Volvo Construction Equipment reacted quickly to a slowing global market – which was down 11 percent in the year to August – and uncertainties about the strength of demand in 2013 by slowing the rate of production in its factories and reducing the number of machines held in stock at its dealerships. This ‘under absorption’ of costs in the factories put pressure on earnings in the third quarter of 2012, as did increased price competition and a less favorable geographical and product mix, which saw fewer larger machines sold, particularly to the weakened mining sector.

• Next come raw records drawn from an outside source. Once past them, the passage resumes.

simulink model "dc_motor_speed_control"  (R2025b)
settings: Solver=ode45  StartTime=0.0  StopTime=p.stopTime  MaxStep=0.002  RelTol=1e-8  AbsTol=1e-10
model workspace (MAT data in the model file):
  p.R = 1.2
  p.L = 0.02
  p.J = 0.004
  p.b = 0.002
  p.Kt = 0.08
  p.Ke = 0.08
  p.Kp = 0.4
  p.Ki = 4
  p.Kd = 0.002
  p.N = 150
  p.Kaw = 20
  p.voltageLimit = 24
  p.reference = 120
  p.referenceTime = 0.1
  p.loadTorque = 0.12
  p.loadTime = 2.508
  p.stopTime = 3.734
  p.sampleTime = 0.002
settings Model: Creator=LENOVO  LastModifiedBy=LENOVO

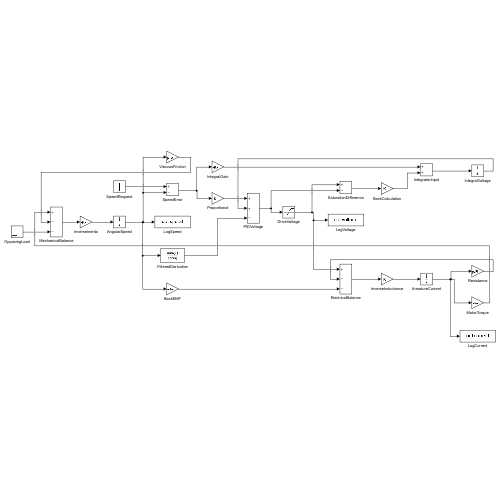
[thumbnail: Simulink's stored preview of the top-level diagram]
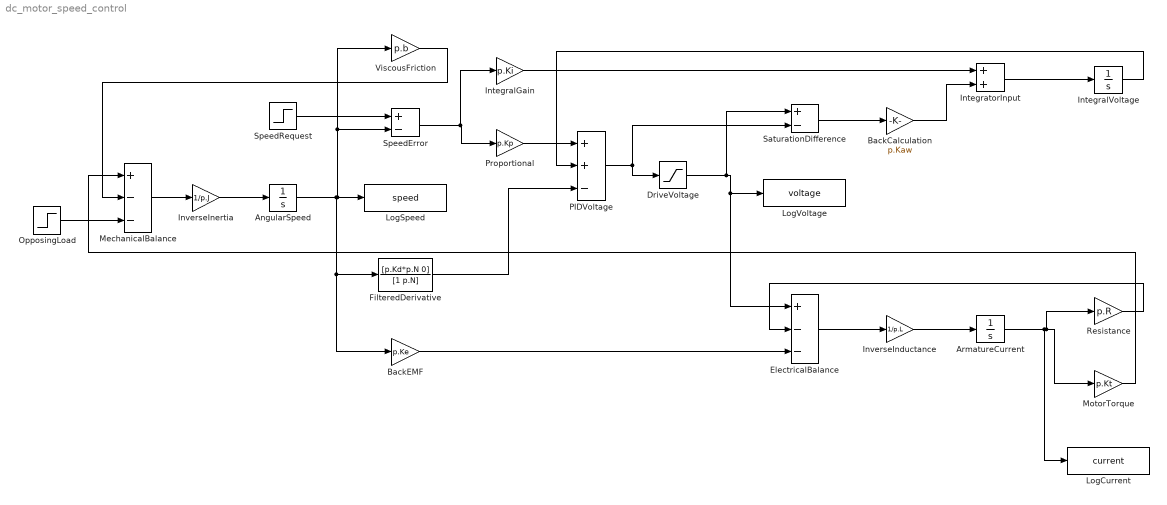
== system dc_motor_speed_control ==
  AngularSpeed : Integrator
  ArmatureCurrent : Integrator
  BackCalculation : Gain  Gain=p.Kaw
  BackEMF : Gain  Gain=p.Ke
  DriveVoltage : Saturate  UpperLimit=p.voltageLimit  LowerLimit=-p.voltageLimit
  ElectricalBalance : Sum  Inputs=+--
  FilteredDerivative : TransferFcn  Numerator=[p.Kd*p.N 0]  Denominator=[1 p.N]
  IntegralGain : Gain  Gain=p.Ki
  IntegralVoltage : Integrator
  IntegratorInput : Sum
  InverseInductance : Gain  Gain=1/p.L
  InverseInertia : Gain  Gain=1/p.J
  LogCurrent : ToWorkspace  VariableName=current  SaveFormat=Timeseries  SampleTime=-1
  LogSpeed : ToWorkspace  VariableName=speed  SaveFormat=Timeseries  SampleTime=-1
  LogVoltage : ToWorkspace  VariableName=voltage  SaveFormat=Timeseries  SampleTime=-1
  MechanicalBalance : Sum  Inputs=+--
  MotorTorque : Gain  Gain=p.Kt
  OpposingLoad : Step  Time=p.loadTime  After=p.loadTorque  SampleTime=0
  PIDVoltage : Sum  Inputs=++-
  Proportional : Gain  Gain=p.Kp
  Resistance : Gain  Gain=p.R
  SaturationDifference : Sum  Inputs=+-
  SpeedError : Sum  Inputs=+-
  SpeedRequest : Step  Time=p.referenceTime  After=p.reference  SampleTime=0
  ViscousFriction : Gain  Gain=p.b
  wires:
  InverseInertia/1 -> AngularSpeed/1
  MechanicalBalance/1 -> InverseInertia/1
  OpposingLoad/1 -> MechanicalBalance/3
  ViscousFriction/1 -> MechanicalBalance/2
  MotorTorque/1 -> MechanicalBalance/1
  ArmatureCurrent/1 -> Resistance/1, MotorTorque/1, LogCurrent/1
  InverseInductance/1 -> ArmatureCurrent/1
  ElectricalBalance/1 -> InverseInductance/1
  BackEMF/1 -> ElectricalBalance/3
  Resistance/1 -> ElectricalBalance/2
  SaturationDifference/1 -> BackCalculation/1
  DriveVoltage/1 -> ElectricalBalance/1, LogVoltage/1, SaturationDifference/1
  PIDVoltage/1 -> DriveVoltage/1, SaturationDifference/2
  FilteredDerivative/1 -> PIDVoltage/3
  IntegralVoltage/1 -> PIDVoltage/2
  Proportional/1 -> PIDVoltage/1
  IntegratorInput/1 -> IntegralVoltage/1
  BackCalculation/1 -> IntegratorInput/2
  IntegralGain/1 -> IntegratorInput/1
  SpeedError/1 -> Proportional/1, IntegralGain/1
  AngularSpeed/1 -> BackEMF/1, FilteredDerivative/1, ViscousFriction/1, SpeedError/2, LogSpeed/1
  SpeedRequest/1 -> SpeedError/1

Net sales in the three months July to September decreased 9 percent to $1.988 billion (SEK 13.272 billion). Adjusted for currency movements, net sales were down by 8 percent during the period. Order intake was also affected, with the value of the order book at September 30 being 24 percent lower than on the same date in 2011.
This slowdown of global demand in the third quarter of 2012 also weighed on profitability, with operating income at $97.355 million (SEK 650 million) down from the $215.379 million (SEK 1.438 billion) reported in the same period the year before. This also dented Volvo CE’s operating margin, which at 4.9 percent was below the 9.9 percent achieved in Q3 2011.
“The lower economic activity and the uncertainty about the future are impacting customers’ willingness to invest in new equipment,” said Pat Olney, president of Volvo CE. “As a consequence we have reduced production in our facilities and managed to reduce both our own inventories and those at our dealers.”
Market conditions for the full year 2012 show few signs of change in the short term. The European market is expected to be down as much as 10 percent (previous estimate: flat), while North America is expected to increase by 15 to 25 percent (unchanged forecast). South America meanwhile is still on course to rise by up to 10 percent and Asia (excluding China) is expected to rise by up to 10 percent. Demand in China itself is projected to fall in 2012 by 25 to 35 percent, down more than the previously forecast 15 to 25 percent drop.